Assigned task: Each line that contains the word "Modulador" is to be copied from the records below.

Data shown:

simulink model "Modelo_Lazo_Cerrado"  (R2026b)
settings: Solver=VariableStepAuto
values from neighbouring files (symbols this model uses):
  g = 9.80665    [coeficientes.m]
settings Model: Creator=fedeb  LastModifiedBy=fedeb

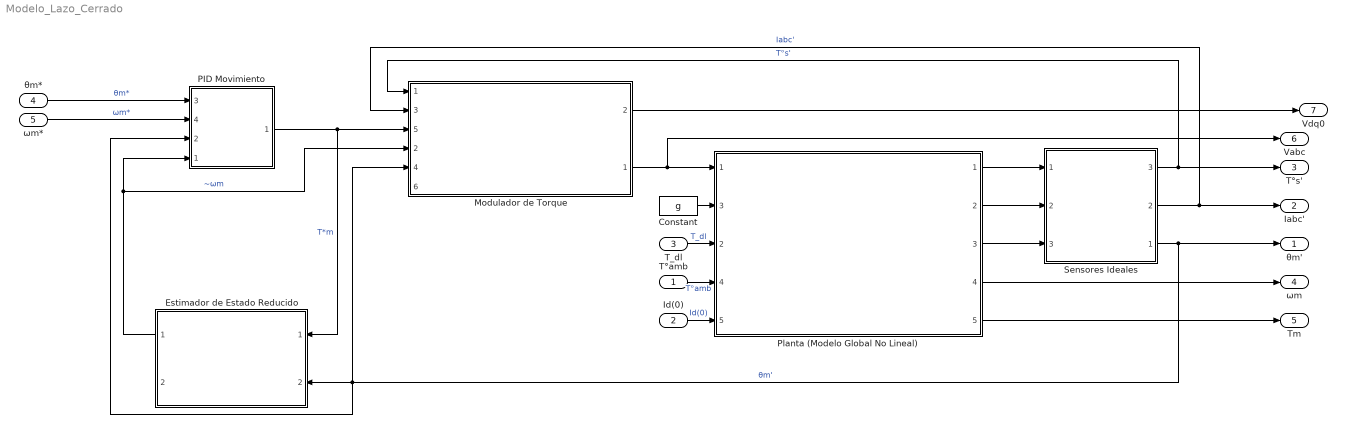
== system Modelo_Lazo_Cerrado ==
  T°amb : Inport
  Id(0) : Inport  Port=2
  T_dl : Inport  Port=3
  θm* : Inport  Port=4
  ωm* : Inport  Port=5
  Constant : Constant  Value=g
  Estimador de Estado Reducido : Subsystem  ReferencedSubsystem=Estimador_Estado_Reducido
  Modulador de Torque : Subsystem  ReferencedSubsystem=Modulador_Torque_Equivalente
      settings: PortSchema="{\"entries\":[{\"content\":{\"sides\":[{\"content\":{\"connectorIds\":[\"In1\",\"In3\",\"In5\",\"In2\",\"In4\",\"In6\"]},\"type\":\"ConnectorPlacement.EquallySpacedRectSide\",\"uuid\":\"ea9ad4ab-f607-4d37-9442-85f6cfda2486\"},{\"content\":{\"connectorIds\":[\"Out2\",\"Out1\"],\"side\":\"RIGHT\"},\"type\":\"ConnectorPlacement.EquallySpacedRectSide\",\"uuid\":\"696b5fe5-1f6c-4fc9-932e-86b56d49996f\"},{\"content\":{\"side\":\"TOP\"},\"type\":\"ConnectorPlacement.EquallySpacedRectSide\",\"uuid\":\"45e3ac4c-5a2f-4a79-9454-e497b07295c7\"}]},\"type\":\"ConnectorPlacement.EquallySpacedConnector\",\"uuid\":\"ad401c21-3c60-4ab4-96eb-f449fc93609a\"}],\"packageUris\":[\"http://schema.mathworks.com/mf0/Connector/R2020b\"],\"version\":\"1.0\"}"
  PID Movimiento : Subsystem  ReferencedSubsystem=PID_Mov
      settings: PortSchema="{\"entries\":[{\"content\":{\"sides\":[{\"content\":{\"connectorIds\":[\"In3\",\"In4\",\"In2\",\"In1\"]},\"type\":\"ConnectorPlacement.EquallySpacedRectSide\",\"uuid\":\"99b9ec4b-f651-40ed-8a16-085c2c4ac88d\"},{\"content\":{\"connectorIds\":[\"Out1\"],\"side\":\"RIGHT\"},\"type\":\"ConnectorPlacement.EquallySpacedRectSide\",\"uuid\":\"009a9369-fd86-4ac2-a423-7c7f1491457b\"},{\"content\":{\"side\":\"TOP\"},\"type\":\"ConnectorPlacement.EquallySpacedRectSide\",\"uuid\":\"0bc889a5-9100-482e-a11a-4c36993d76f7\"}]},\"type\":\"ConnectorPlacement.EquallySpacedConnector\",\"uuid\":\"de270b8a-8a15-46e7-87f3-10db7988a399\"}],\"packageUris\":[\"http://schema.mathworks.com/mf0/Connector/R2020b\"],\"version\":\"1.0\"}"
  Planta (Modelo Global No Lineal) : Subsystem  ReferencedSubsystem=Modelo_Global_NL
      settings: PortSchema="{\"entries\":[{\"content\":{\"sides\":[{\"content\":{\"connectorIds\":[\"In1\",\"In3\",\"In2\",\"In4\",\"In5\"]},\"type\":\"ConnectorPlacement.EquallySpacedRectSide\",\"uuid\":\"3481abf0-b0cb-49f6-b93f-5a31fbfa4119\"},{\"content\":{\"connectorIds\":[\"Out1\",\"Out2\",\"Out3\",\"Out4\",\"Out5\"],\"side\":\"RIGHT\"},\"type\":\"ConnectorPlacement.EquallySpacedRectSide\",\"uuid\":\"81dbc61e-d5f3-4edc-bc73-ec3d6160a008\"},{\"content\":{\"side\":\"TOP\"},\"type\":\"ConnectorPlacement.EquallySpacedRectSide\",\"uuid\":\"48e37594-92fb-4835-b4aa-9211b8b6a309\"}]},\"type\":\"ConnectorPlacement.EquallySpacedConnector\",\"uuid\":\"6c32b8e1-5803-41f4-af4e-ba3a494349ba\"}],\"packageUris\":[\"http://schema.mathworks.com/mf0/Connector/R2020b\"],\"version\":\"1.0\"}"
  Sensores Ideales : Subsystem  ReferencedSubsystem=Sensores_Ideales
      settings: PortSchema="{\"entries\":[{\"content\":{\"sides\":[{\"content\":{\"connectorIds\":[\"In1\",\"In2\",\"In3\"]},\"type\":\"ConnectorPlacement.EquallySpacedRectSide\",\"uuid\":\"f4bb6189-c8cb-4d3e-a45f-895d59b6a7f9\"},{\"content\":{\"connectorIds\":[\"Out3\",\"Out2\",\"Out1\"],\"side\":\"RIGHT\"},\"type\":\"ConnectorPlacement.EquallySpacedRectSide\",\"uuid\":\"4fe23da4-d7b3-4116-8a5c-3a889a14c1ed\"},{\"content\":{\"side\":\"TOP\"},\"type\":\"ConnectorPlacement.EquallySpacedRectSide\",\"uuid\":\"3a675bb7-2a54-45fb-91cd-5f3dc1d0d742\"}]},\"type\":\"ConnectorPlacement.EquallySpacedConnector\",\"uuid\":\"fa703284-8060-4ab8-a349-fe5cb05f502a\"}],\"packageUris\":[\"http://schema.mathworks.com/mf0/Connector/R2020b\"],\"version\":\"1.0\"}"
  θm' : Outport
  Iabc' : Outport  Port=2  OutDataTypeStr=Bus: Iabc
  T°s' : Outport  Port=3
  ωm : Outport  Port=4
  Tm : Outport  Port=5
  Vabc : Outport  Port=6  OutDataTypeStr=Bus: Vabc
  Vdq0 : Outport  Port=7  OutDataTypeStr=Bus: Vdq0
  wires:
  Planta (Modelo Global No Lineal)/1 -> Sensores Ideales/1
  Sensores Ideales/1 -> Modulador de Torque/4, PID Movimiento/2, Estimador de Estado Reducido/2, θm'/1  "θm'"
  PID Movimiento/1 -> Estimador de Estado Reducido/1, Modulador de Torque/5  "T*m"
  Planta (Modelo Global No Lineal)/2 -> Sensores Ideales/2
  Modulador de Torque/1 -> Vabc/1, Planta (Modelo Global No Lineal)/1
  Estimador de Estado Reducido/1 -> PID Movimiento/1, Modulador de Torque/2  "~ωm"
  Planta (Modelo Global No Lineal)/3 -> Sensores Ideales/3
  Sensores Ideales/2 -> Iabc'/1, Modulador de Torque/3  "Iabc'"
  Sensores Ideales/3 -> Modulador de Torque/1, T°s'/1  "T°s'"
  Constant/1 -> Planta (Modelo Global No Lineal)/3
  Id(0)/1 -> Planta (Modelo Global No Lineal)/5  "Id(0)"
  T°amb/1 -> Planta (Modelo Global No Lineal)/4  "T°amb"
  T_dl/1 -> Planta (Modelo Global No Lineal)/2  "T_dl"
  Planta (Modelo Global No Lineal)/5 -> Tm/1
  Planta (Modelo Global No Lineal)/4 -> ωm/1
  Modulador de Torque/2 -> Vdq0/1
  θm*/1 -> PID Movimiento/3  "θm*"
  ωm*/1 -> PID Movimiento/4  "ωm*"
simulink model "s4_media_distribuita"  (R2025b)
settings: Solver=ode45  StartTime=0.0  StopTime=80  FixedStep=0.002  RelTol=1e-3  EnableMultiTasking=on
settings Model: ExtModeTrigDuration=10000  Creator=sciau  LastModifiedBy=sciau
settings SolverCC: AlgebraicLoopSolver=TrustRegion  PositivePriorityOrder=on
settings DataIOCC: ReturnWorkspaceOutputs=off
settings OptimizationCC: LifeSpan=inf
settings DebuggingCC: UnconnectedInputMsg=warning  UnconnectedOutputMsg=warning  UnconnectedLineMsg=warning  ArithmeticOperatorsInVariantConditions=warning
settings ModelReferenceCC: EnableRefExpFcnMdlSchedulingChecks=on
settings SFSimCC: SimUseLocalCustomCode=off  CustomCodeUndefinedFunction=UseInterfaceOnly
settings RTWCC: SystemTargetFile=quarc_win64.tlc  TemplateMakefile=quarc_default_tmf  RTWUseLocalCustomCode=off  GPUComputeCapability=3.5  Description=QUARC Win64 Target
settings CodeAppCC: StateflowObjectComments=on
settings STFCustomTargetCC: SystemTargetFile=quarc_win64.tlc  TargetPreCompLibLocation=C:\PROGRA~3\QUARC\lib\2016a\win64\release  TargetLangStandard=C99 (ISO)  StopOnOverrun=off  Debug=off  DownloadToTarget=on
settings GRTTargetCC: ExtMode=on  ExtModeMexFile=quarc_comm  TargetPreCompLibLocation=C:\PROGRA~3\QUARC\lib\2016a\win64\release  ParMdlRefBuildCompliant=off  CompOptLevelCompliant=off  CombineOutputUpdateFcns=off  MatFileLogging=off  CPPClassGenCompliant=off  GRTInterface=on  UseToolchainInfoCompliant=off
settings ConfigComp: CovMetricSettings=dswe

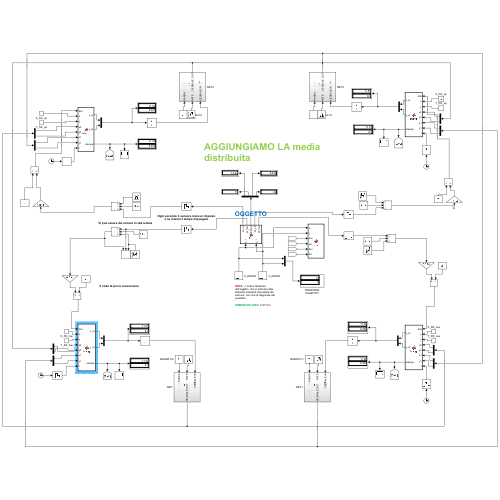
[thumbnail: Simulink's stored preview of the top-level diagram]
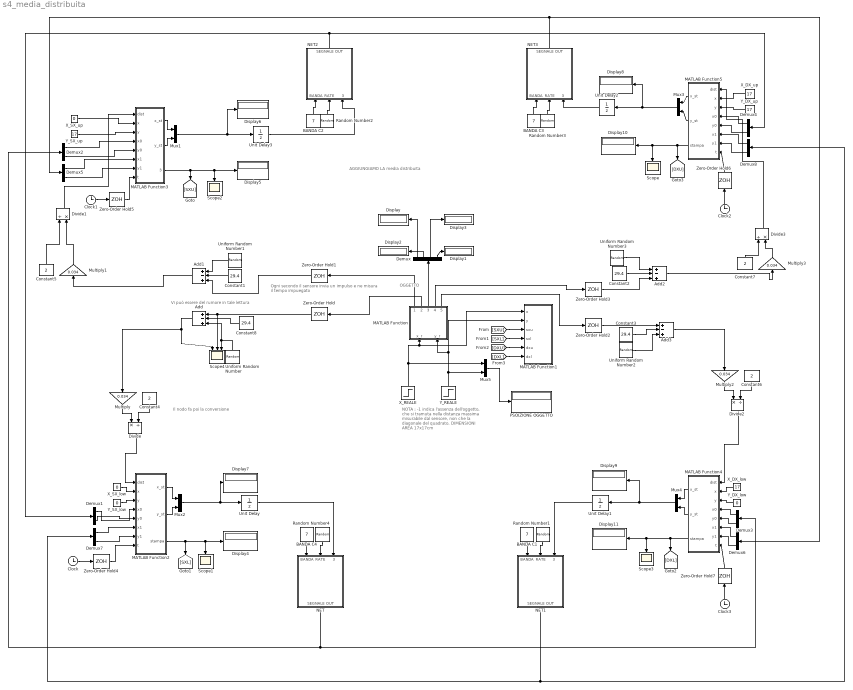
== system s4_media_distribuita ==
  note: NOTA : -1 indica l'assenza dell'oggetto, che si tramuta nella distanza massima misurabile dal sensore, non che la diagonale del quadrato.
      |
      | DIMENSIONI AREA 17x17cm
  note: OGGETTO
  note: Il nodo fa poi la conversione
  note: AGGIUNGIAMO LA media distribuita
  note: Vi può essere del rumore in tale lettura
  note: Ogni secondo il sensore invia un impulso
      | e ne misura il tempo impuegato
  Add{,1..3} (4 alike) : Sum  Inputs=+-+
  BANDA C{1..4} (4 alike) : Constant  Value=7
  Clock{,1..3} (4 alike) : Clock
  Constant{1..3,8} (4 alike) : Constant  Value=29.4
  Constant{4..7} (4 alike) : Constant  Value=2
  Demux : Demux
  Demux{1..8} (8 alike) : Demux  Outputs=2
  Display{,1..11} (12 alike) : Display
  Divide : Product  Inputs=*/
  Divide1 : Product  Inputs=/*
  Divide2 : Product  Inputs=*/
  Divide3 : Product  Inputs=/*
  MATLAB Function : MATLAB Function  TreatAsAtomicUnit=on
  MATLAB Function1 : MATLAB Function  TreatAsAtomicUnit=on
  MATLAB Function2 : MATLAB Function  TreatAsAtomicUnit=on
  MATLAB Function3 : MATLAB Function  TreatAsAtomicUnit=on
  MATLAB Function4 : MATLAB Function  TreatAsAtomicUnit=on
  MATLAB Function5 : MATLAB Function  TreatAsAtomicUnit=on
  Multiply{,1..3} (4 alike) : Gain  Gain=0.034
  Mux{1..5} (5 alike) : Mux  Inputs=2
  NET : Subsystem
  NET1 : Subsystem
  NET2 : Subsystem
  NET3 : Subsystem
  PSOIZIONE OGGETTO : Display
  Random Number1 : RandomNumber  Mean=6  Variance=6  Seed=2  SampleTime=1
  Random Number2 : RandomNumber  Mean=6  Variance=6  Seed=3  SampleTime=1
  Random Number3 : RandomNumber  Mean=6  Variance=6  Seed=4  SampleTime=1
  Random Number4 : RandomNumber  Mean=6  Variance=6  Seed=1  SampleTime=1
  Scope{,1..3} (4 alike) : Scope
      Scope settings: ActiveDisplayYMinimum=-2.3748713536925439  ActiveDisplayYMaximum=11.373842183232897
      Scope1 settings: ActiveDisplayYMinimum=-3.2499999999999996  ActiveDisplayYMaximum=19.25
      Scope2 settings: ActiveDisplayYMinimum=-1  ActiveDisplayYMaximum=1  DataLoggingVariableName=ScopeData2
      Scope3 settings: ActiveDisplayYMinimum=-2.374834675344931  ActiveDisplayYMaximum=11.37351207810438  DataLoggingVariableName=ScopeData3
  Scope4 : Scope  NumInputPorts=3
      settings: ActiveDisplayYMinimum=-77.332228841261667  ActiveDisplayYMaximum=1474.6908321791607  DataLoggingVariableName=ScopeData4
  Uniform Random Number : UniformRandomNumber  Minimum=-17.6  Maximum=17.6  SampleTime=1
  Uniform Random Number1 : UniformRandomNumber  Minimum=-0.3  Maximum=0.3  SampleTime=1
  Uniform Random Number2 : UniformRandomNumber  Minimum=-0.3  Maximum=0.3  SampleTime=1
  Uniform Random Number3 : UniformRandomNumber  Minimum=-0.3  Maximum=0.3  SampleTime=1
  Unit Delay{,1..3} (4 alike) : UnitDelay  SampleTime=-1  HasFrameUpgradeWarning=on
  X_DX_low : Constant  Value=17
  X_DX_up : Constant  Value=17
  X_REALE : Step  Before=-1  After=12  SampleTime=0
  X_SX_low : Constant  Value=0
  X_SX_up : Constant  Value=0
  Y_DX_low : Constant  Value=0
  Y_DX_up : Constant  Value=17
  Y_REALE : Step  Before=-1  After=9  SampleTime=0
  Y_SX_low : Constant  Value=0
  Y_SX_up : Constant  Value=17
  Zero-Order Hold{,1..3} (4 alike) : ZeroOrderHold
  Zero-Order Hold{4..7} (4 alike) : ZeroOrderHold  SampleTime=-1
  wires:
  MATLAB Function4/2(y_st) -> Mux4/2
  MATLAB Function2/3(stampa) -> [SXL], Scope1/1, Display4/1
  MATLAB Function5/3(stampa) -> [DXU], Scope/1, Display10/1
  Uniform Random Number3/1 -> Add2/1
  NET/1(SEGNALE OUT) -> Demux2/1, Demux3/1
  Zero-Order Hold3/1 -> Add2/3
  Constant6/1 -> Divide2/2
  Demux5/1 -> MATLAB Function3/6(x1)
  Add/1 -> Multiply/1, Scope4/1
  Mux2/1 -> Unit Delay/1, Display7/1
  Random Number3/1 -> NET3/2(RATE)
  Constant2/1 -> Add2/2
  MATLAB Function4/3(stampa) -> [DXL], Scope3/1, Display11/1
  BANDA C3/1 -> NET3/1(BANDA)
  Random Number1/1 -> NET1/2(RATE)
  MATLAB Function3/3(stampa) -> [SXU], Scope2/1, Display5/1
  Unit Delay3/1 -> NET2/3(SEGNALE IN)
  MATLAB Function/4(dx_up) -> Zero-Order Hold3/1
  NET3/1(SEGNALE OUT) -> Demux6/1, Demux5/1
  Uniform Random Number1/1 -> Add1/1
  MATLAB Function4/1(x_st) -> Mux4/1
  Unit Delay1/1 -> NET1/3(SEGNALE IN)
  Demux7/2 -> MATLAB Function2/7(y1)
  Mux1/1 -> Display6/1, Unit Delay3/1
  Constant8/1 -> Add/2
  MATLAB Function2/2(y_st) -> Mux2/2
  NET2/1(SEGNALE OUT) -> Demux4/1, Demux1/1
  Unit Delay2/1 -> NET3/3(SEGNALE IN)
  BANDA C2/1 -> NET2/1(BANDA)
  Random Number4/1 -> NET/2(RATE)
  Random Number2/1 -> NET2/2(RATE)
  NET1/1(SEGNALE OUT) -> Demux8/1, Demux7/1
  X_SX_low/1 -> MATLAB Function2/2(x)
  X_REALE/1 -> MATLAB Function/1(x_r), MATLAB Function1/1(x), Mux5/1
  Demux3/1 -> MATLAB Function4/4(x0)
  MATLAB Function5/1(x_st) -> Mux3/1
  Zero-Order Hold/1 -> Scope4/2, Add/1
  Zero-Order Hold4/1 -> MATLAB Function2/8(t)
  MATLAB Function3/1(x_st) -> Mux1/1
  Demux4/2 -> MATLAB Function5/5(y0)
  Demux8/2 -> MATLAB Function5/7(y1)
  [DXU] -> MATLAB Function1/5(dxu)
  Add2/1 -> Multiply3/1
  Demux1/2 -> MATLAB Function2/5(y0)
  Y_SX_up/1 -> MATLAB Function3/3(y)
  BANDA C1/1 -> NET1/1(BANDA)
  MATLAB Function/1(sx_up) -> Zero-Order Hold1/1
  Demux1/1 -> MATLAB Function2/4(x0)
  MATLAB Function/5(dx_low) -> Zero-Order Hold2/1
  Constant7/1 -> Divide3/1
  MATLAB Function2/1(x_st) -> Mux2/1
  Constant4/1 -> Divide/2
  Divide3/1 -> MATLAB Function5/1(dist)
  Multiply/1 -> Divide/1
  Constant5/1 -> Divide1/1
  Uniform Random Number2/1 -> Add3/3
  MATLAB Function/3(debug) -> Demux/1
  Y_DX_up/1 -> MATLAB Function5/3(y)
  MATLAB Function/2(sx_low) -> Zero-Order Hold/1
  X_DX_up/1 -> MATLAB Function5/2(x)
  Y_DX_low/1 -> MATLAB Function4/3(y)
  [SXL] -> MATLAB Function1/4(sxl)
  Demux/2 -> Display2/1
  Uniform Random Number/1 -> Add/3, Scope4/3
  Demux5/2 -> MATLAB Function3/7(y1)
  Divide/1 -> MATLAB Function2/1(dist)
  X_DX_low/1 -> MATLAB Function4/2(x)
  Multiply1/1 -> Divide1/2
  Multiply2/1 -> Divide2/1
  Mux3/1 -> Display8/1, Unit Delay2/1
  Constant3/1 -> Add3/2
  Demux6/1 -> MATLAB Function4/6(x1)
  Demux/4 -> Display1/1
  Zero-Order Hold1/1 -> Add1/3
  [SXU] -> MATLAB Function1/3(sxu)
  Demux/1 -> Display/1
  Demux/3 -> Display3/1
  Y_REALE/1 -> MATLAB Function/2(y_r), MATLAB Function1/2(y), Mux5/2
  Zero-Order Hold2/1 -> Add3/1
  Add1/1 -> Multiply1/1
  Divide2/1 -> MATLAB Function4/1(dist)
  Demux8/1 -> MATLAB Function5/6(x1)
  Demux3/2 -> MATLAB Function4/5(y0)
  Demux6/2 -> MATLAB Function4/7(y1)
  Multiply3/1 -> Divide3/2
  Demux7/1 -> MATLAB Function2/6(x1)
  MATLAB Function5/2(y_st) -> Mux3/2
  BANDA C4/1 -> NET/1(BANDA)
  Divide1/1 -> MATLAB Function3/1(dist)
  Add3/1 -> Multiply2/1
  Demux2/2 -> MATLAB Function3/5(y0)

Answer section:
  Modulador de Torque : Subsystem  ReferencedSubsystem=Modulador_Torque_Equivalente
  Sensores Ideales/1 -> Modulador de Torque/4, PID Movimiento/2, Estimador de Estado Reducido/2, θm'/1  "θm'"
  PID Movimiento/1 -> Estimador de Estado Reducido/1, Modulador de Torque/5  "T*m"
  Modulador de Torque/1 -> Vabc/1, Planta (Modelo Global No Lineal)/1
  Estimador de Estado Reducido/1 -> PID Movimiento/1, Modulador de Torque/2  "~ωm"
  Sensores Ideales/2 -> Iabc'/1, Modulador de Torque/3  "Iabc'"
  Sensores Ideales/3 -> Modulador de Torque/1, T°s'/1  "T°s'"
  Modulador de Torque/2 -> Vdq0/1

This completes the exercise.